#### [What you have to do]
Of the lines in the data below, write out exactly those from the one holding "for name, color, linetype" through the one holding "color=7, linetype='Continuous', lineweight=30)", both included.

....

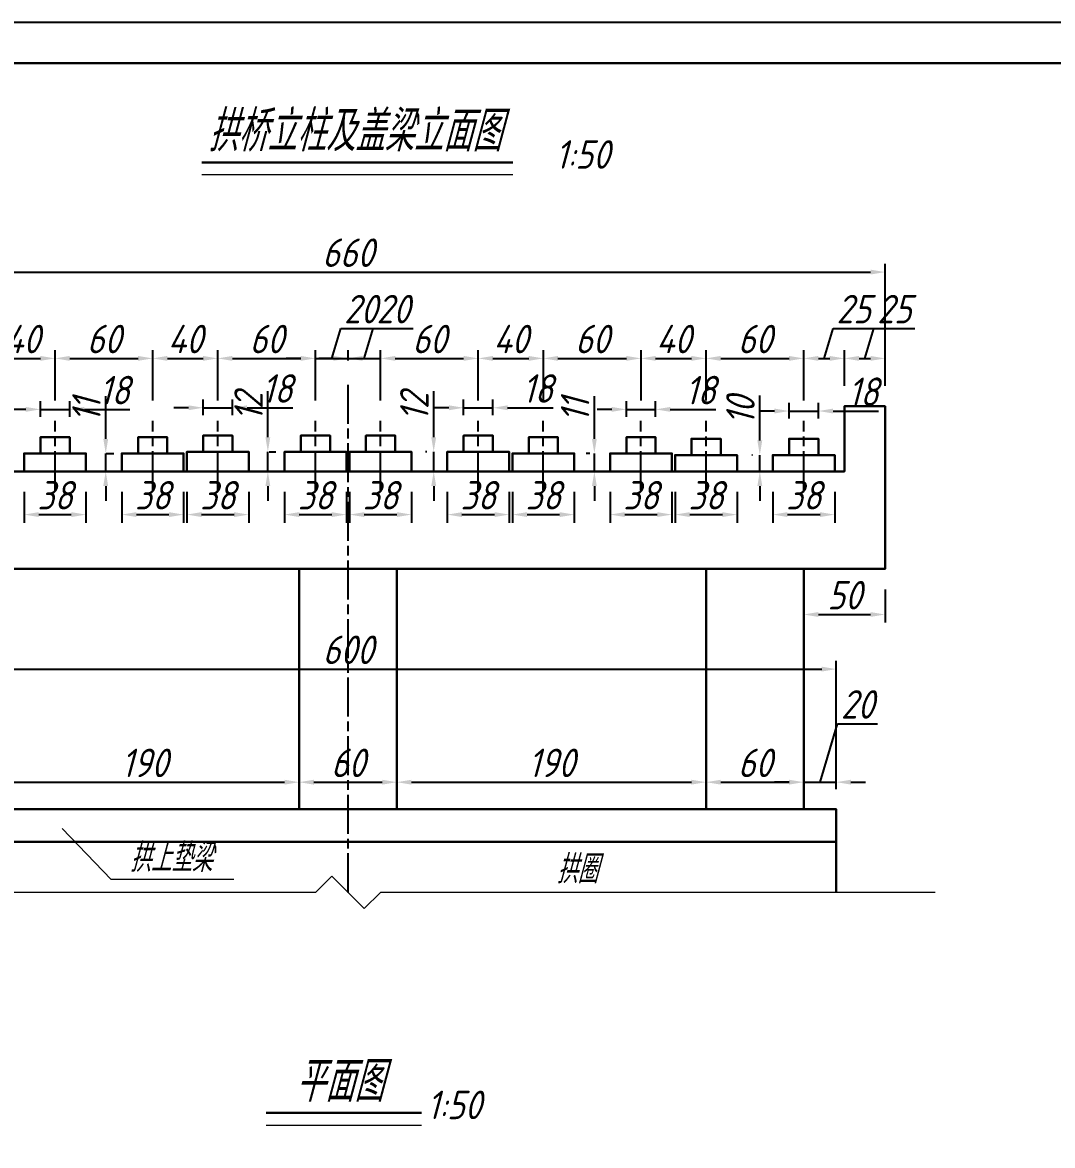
# Model space of a CAD drawing. Header units: millimetres. Extents: x -31 to 389, y -17 to 280.
# Drawn here: x 62.1 to 188.6, y 142.2 to 280.2 of the extents above; entities that cross this region are included whole.
import ezdxf

# ---------------------------------------------------------------- set-up
doc = ezdxf.new("R2010")
doc.units = ezdxf.units.MM
doc.header["$LTSCALE"] = 0.2
doc.linetypes.add('ACAD_ISO08W100', pattern=[36, 24, -3, 6, -3])
for name, color, linetype in [('中心线', 1, 'ACAD_ISO08W100'), ('图框', 7, 'Continuous'), ('尺寸标注', 6, 'Continuous'), ('文本', 7, 'Continuous')]:
    doc.layers.add(name, color=color, linetype=linetype)
doc.layers.add('粗实线', color=7, linetype='Continuous', lineweight=30)
doc.layers.add('细实线', color=7, linetype='Continuous', lineweight=9)
doc.styles.add('国标字体', font='gbeitc.shx', dxfattribs={"bigfont": 'gbcbig.shx'})
doc.dimstyles.new('常用标注', dxfattribs={"dimtxt": 3.5, "dimasz": 1.8, "dimexe": 1, "dimexo": 2.5, "dimtad": 1, "dimdec": 1, "dimlfac": 5, "dimdsep": 46, "dimtxsty": '国标字体', "dimcen": 2.5, "dimclrd": 256, "dimclre": 256, "dimclrt": 256, "dimadec": 0, "dimazin": 0, "dimtfac": 1, "dimtdec": 1, "dimtmove": 0, "dimatfit": 3, "dimfxl": 1, "dimarcsym": 0})

# ---------------------------------------------------------------- blocks, each defined once
blk = doc.blocks.new('*D49')
at = {"layer": 'Defpoints', "color": 0, "transparency": 16777216}
for p in [(58.07, 186.84), (96.07, 186.84), (96.07, 186.84)]:
    blk.add_point(p, dxfattribs=at)
at = {"layer": '尺寸标注', "lineweight": -2, "transparency": 16777216}
for p, q in [((58.07, 189.34), (58.07, 187.84)), ((96.07, 189.34), (96.07, 187.84)), ((59.87, 186.84), (94.27, 186.84))]:
    blk.add_line(p, q, dxfattribs=at)
at = {"layer": '尺寸标注', "transparency": 16777216}
for points in [[(59.87, 187.14), (59.87, 186.54), (58.07, 186.84)], [(94.27, 187.14), (94.27, 186.54), (96.07, 186.84)]]:
    blk.add_solid(points, dxfattribs=at)
at = {"layer": '尺寸标注', "transparency": 16777216, "insert": (77.07, 189.21), "char_height": 3.5, "attachment_point": 5, "style": '国标字体'}
blk.add_mtext('190', dxfattribs=at)
blk = doc.blocks.new('*D50')
at = {"layer": 'Defpoints', "color": 0, "transparency": 16777216}
for p in [(96.07, 186.84), (108.07, 186.84), (108.07, 186.84)]:
    blk.add_point(p, dxfattribs=at)
at = {"layer": '尺寸标注', "lineweight": -2, "transparency": 16777216}
for p, q in [((96.07, 189.34), (96.07, 187.84)), ((108.07, 189.34), (108.07, 187.84)), ((97.87, 186.84), (106.27, 186.84))]:
    blk.add_line(p, q, dxfattribs=at)
at = {"layer": '尺寸标注', "transparency": 16777216}
for points in [[(97.87, 187.14), (97.87, 186.54), (96.07, 186.84)], [(106.27, 187.14), (106.27, 186.54), (108.07, 186.84)]]:
    blk.add_solid(points, dxfattribs=at)
at = {"layer": '尺寸标注', "transparency": 16777216, "insert": (102.07, 189.21), "char_height": 3.5, "attachment_point": 5, "style": '国标字体'}
blk.add_mtext('60', dxfattribs=at)
blk = doc.blocks.new('*D51')
at = {"layer": 'Defpoints', "color": 0, "transparency": 16777216}
for p in [(108.07, 186.84), (146.07, 186.84), (146.07, 186.84)]:
    blk.add_point(p, dxfattribs=at)
at = {"layer": '尺寸标注', "lineweight": -2, "transparency": 16777216}
for p, q in [((108.07, 189.34), (108.07, 187.84)), ((146.07, 189.34), (146.07, 187.84)), ((109.87, 186.84), (144.27, 186.84))]:
    blk.add_line(p, q, dxfattribs=at)
at = {"layer": '尺寸标注', "transparency": 16777216}
for points in [[(109.87, 187.14), (109.87, 186.54), (108.07, 186.84)], [(144.27, 187.14), (144.27, 186.54), (146.07, 186.84)]]:
    blk.add_solid(points, dxfattribs=at)
at = {"layer": '尺寸标注', "transparency": 16777216, "insert": (127.07, 189.21), "char_height": 3.5, "attachment_point": 5, "style": '国标字体'}
blk.add_mtext('190', dxfattribs=at)
blk = doc.blocks.new('*D52')
at = {"layer": 'Defpoints', "color": 0, "transparency": 16777216}
for p in [(146.07, 186.84), (158.07, 186.84), (158.07, 186.84)]:
    blk.add_point(p, dxfattribs=at)
at = {"layer": '尺寸标注', "lineweight": -2, "transparency": 16777216}
for p, q in [((146.07, 189.34), (146.07, 187.84)), ((158.07, 189.34), (158.07, 187.84)), ((147.87, 186.84), (156.27, 186.84))]:
    blk.add_line(p, q, dxfattribs=at)
at = {"layer": '尺寸标注', "transparency": 16777216}
for points in [[(147.87, 187.14), (147.87, 186.54), (146.07, 186.84)], [(156.27, 187.14), (156.27, 186.54), (158.07, 186.84)]]:
    blk.add_solid(points, dxfattribs=at)
at = {"layer": '尺寸标注', "transparency": 16777216, "insert": (152.07, 189.21), "char_height": 3.5, "attachment_point": 5, "style": '国标字体'}
blk.add_mtext('60', dxfattribs=at)
blk = doc.blocks.new('*D53')
at = {"layer": 'Defpoints', "color": 0, "transparency": 16777216}
for p in [(158.07, 186.84), (162.07, 186.84), (162.07, 183.5)]:
    blk.add_point(p, dxfattribs=at)
at = {"layer": '尺寸标注', "lineweight": -2, "transparency": 16777216}
for p, q in [((160.07, 186.84), (162.22, 194.02)), ((162.22, 194.02), (167.12, 194.02)), ((158.07, 189.34), (158.07, 187.84)), ((162.07, 186), (162.07, 187.84)), ((156.27, 186.84), (154.47, 186.84)), ((158.07, 186.84), (162.07, 186.84)), ((158.07, 186.84), (162.07, 186.84)), ((163.87, 186.84), (165.67, 186.84))]:
    blk.add_line(p, q, dxfattribs=at)
at = {"layer": '尺寸标注', "transparency": 16777216}
for points in [[(156.27, 187.14), (156.27, 186.54), (158.07, 186.84)], [(163.87, 187.14), (163.87, 186.54), (162.07, 186.84)]]:
    blk.add_solid(points, dxfattribs=at)
at = {"layer": '尺寸标注', "transparency": 16777216, "insert": (164.67, 196.4), "char_height": 3.5, "attachment_point": 5, "style": '国标字体'}
blk.add_mtext('20', dxfattribs=at)
blk = doc.blocks.new('*D54')
at = {"layer": 'Defpoints', "color": 0, "transparency": 16777216}
for p in [(162.07, 200.74), (42.07, 183.5), (162.07, 183.5)]:
    blk.add_point(p, dxfattribs=at)
at = {"layer": '尺寸标注', "lineweight": -2, "transparency": 16777216}
for p, q in [((42.07, 186), (42.07, 201.74)), ((162.07, 186), (162.07, 201.74)), ((43.87, 200.74), (160.27, 200.74))]:
    blk.add_line(p, q, dxfattribs=at)
at = {"layer": '尺寸标注', "transparency": 16777216}
for points in [[(43.87, 201.04), (43.87, 200.44), (42.07, 200.74)], [(160.27, 201.04), (160.27, 200.44), (162.07, 200.74)]]:
    blk.add_solid(points, dxfattribs=at)
at = {"layer": '尺寸标注', "transparency": 16777216, "insert": (102.07, 203.11), "char_height": 3.5, "attachment_point": 5, "style": '国标字体'}
blk.add_mtext('600', dxfattribs=at)
blk = doc.blocks.new('*D55')
at = {"layer": 'Defpoints', "color": 0, "transparency": 16777216}
for p in [(158.07, 213.04), (168.07, 213.04), (168.07, 207.45)]:
    blk.add_point(p, dxfattribs=at)
at = {"layer": '尺寸标注', "lineweight": -2, "transparency": 16777216}
for p, q in [((158.07, 210.54), (158.07, 206.45)), ((168.07, 210.54), (168.07, 206.45)), ((159.87, 207.45), (166.27, 207.45))]:
    blk.add_line(p, q, dxfattribs=at)
at = {"layer": '尺寸标注', "transparency": 16777216}
for points in [[(159.87, 207.75), (159.87, 207.15), (158.07, 207.45)], [(166.27, 207.75), (166.27, 207.15), (168.07, 207.45)]]:
    blk.add_solid(points, dxfattribs=at)
at = {"layer": '尺寸标注', "transparency": 16777216, "insert": (163.07, 209.82), "char_height": 3.5, "attachment_point": 5, "style": '国标字体'}
blk.add_mtext('50', dxfattribs=at)
blk = doc.blocks.new('*D59')
at = {"layer": 'Defpoints', "color": 0, "transparency": 16777216}
for p in [(66.07, 238.93), (58.07, 231.26), (66.07, 231.26)]:
    blk.add_point(p, dxfattribs=at)
at = {"layer": '尺寸标注', "lineweight": -2, "transparency": 16777216}
for p, q in [((58.07, 233.76), (58.07, 239.93)), ((59.87, 238.93), (64.27, 238.93)), ((66.07, 233.76), (66.07, 239.93))]:
    blk.add_line(p, q, dxfattribs=at)
at = {"layer": '尺寸标注', "transparency": 16777216}
for points in [[(59.87, 239.23), (59.87, 238.63), (58.07, 238.93)], [(64.27, 239.23), (64.27, 238.63), (66.07, 238.93)]]:
    blk.add_solid(points, dxfattribs=at)
at = {"layer": '尺寸标注', "transparency": 16777216, "insert": (62.07, 241.31), "char_height": 3.5, "attachment_point": 5, "style": '国标字体'}
blk.add_mtext('40', dxfattribs=at)
blk = doc.blocks.new('*D60')
at = {"layer": 'Defpoints', "color": 0, "transparency": 16777216}
for p in [(78.07, 238.93), (66.07, 231.26), (78.07, 231.26)]:
    blk.add_point(p, dxfattribs=at)
at = {"layer": '尺寸标注', "lineweight": -2, "transparency": 16777216}
for p, q in [((66.07, 233.76), (66.07, 239.93)), ((67.87, 238.93), (76.27, 238.93)), ((78.07, 233.76), (78.07, 239.93))]:
    blk.add_line(p, q, dxfattribs=at)
at = {"layer": '尺寸标注', "transparency": 16777216}
for points in [[(67.87, 239.23), (67.87, 238.63), (66.07, 238.93)], [(76.27, 239.23), (76.27, 238.63), (78.07, 238.93)]]:
    blk.add_solid(points, dxfattribs=at)
at = {"layer": '尺寸标注', "transparency": 16777216, "insert": (72.07, 241.31), "char_height": 3.5, "attachment_point": 5, "style": '国标字体'}
blk.add_mtext('60', dxfattribs=at)
blk = doc.blocks.new('*D61')
at = {"layer": 'Defpoints', "color": 0, "transparency": 16777216}
for p in [(86.07, 238.93), (78.07, 231.26), (86.07, 231.26)]:
    blk.add_point(p, dxfattribs=at)
at = {"layer": '尺寸标注', "lineweight": -2, "transparency": 16777216}
for p, q in [((78.07, 233.76), (78.07, 239.93)), ((79.87, 238.93), (84.27, 238.93)), ((86.07, 233.76), (86.07, 239.93))]:
    blk.add_line(p, q, dxfattribs=at)
at = {"layer": '尺寸标注', "transparency": 16777216}
for points in [[(79.87, 239.23), (79.87, 238.63), (78.07, 238.93)], [(84.27, 239.23), (84.27, 238.63), (86.07, 238.93)]]:
    blk.add_solid(points, dxfattribs=at)
at = {"layer": '尺寸标注', "transparency": 16777216, "insert": (82.07, 241.31), "char_height": 3.5, "attachment_point": 5, "style": '国标字体'}
blk.add_mtext('40', dxfattribs=at)
blk = doc.blocks.new('*D62')
at = {"layer": 'Defpoints', "color": 0, "transparency": 16777216}
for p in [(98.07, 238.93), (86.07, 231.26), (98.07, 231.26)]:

....

#### [Finished task]
for name, color, linetype in [('中心线', 1, 'ACAD_ISO08W100'), ('图框', 7, 'Continuous'), ('尺寸标注', 6, 'Continuous'), ('文本', 7, 'Continuous')]:
    doc.layers.add(name, color=color, linetype=linetype)
doc.layers.add('粗实线', color=7, linetype='Continuous', lineweight=30)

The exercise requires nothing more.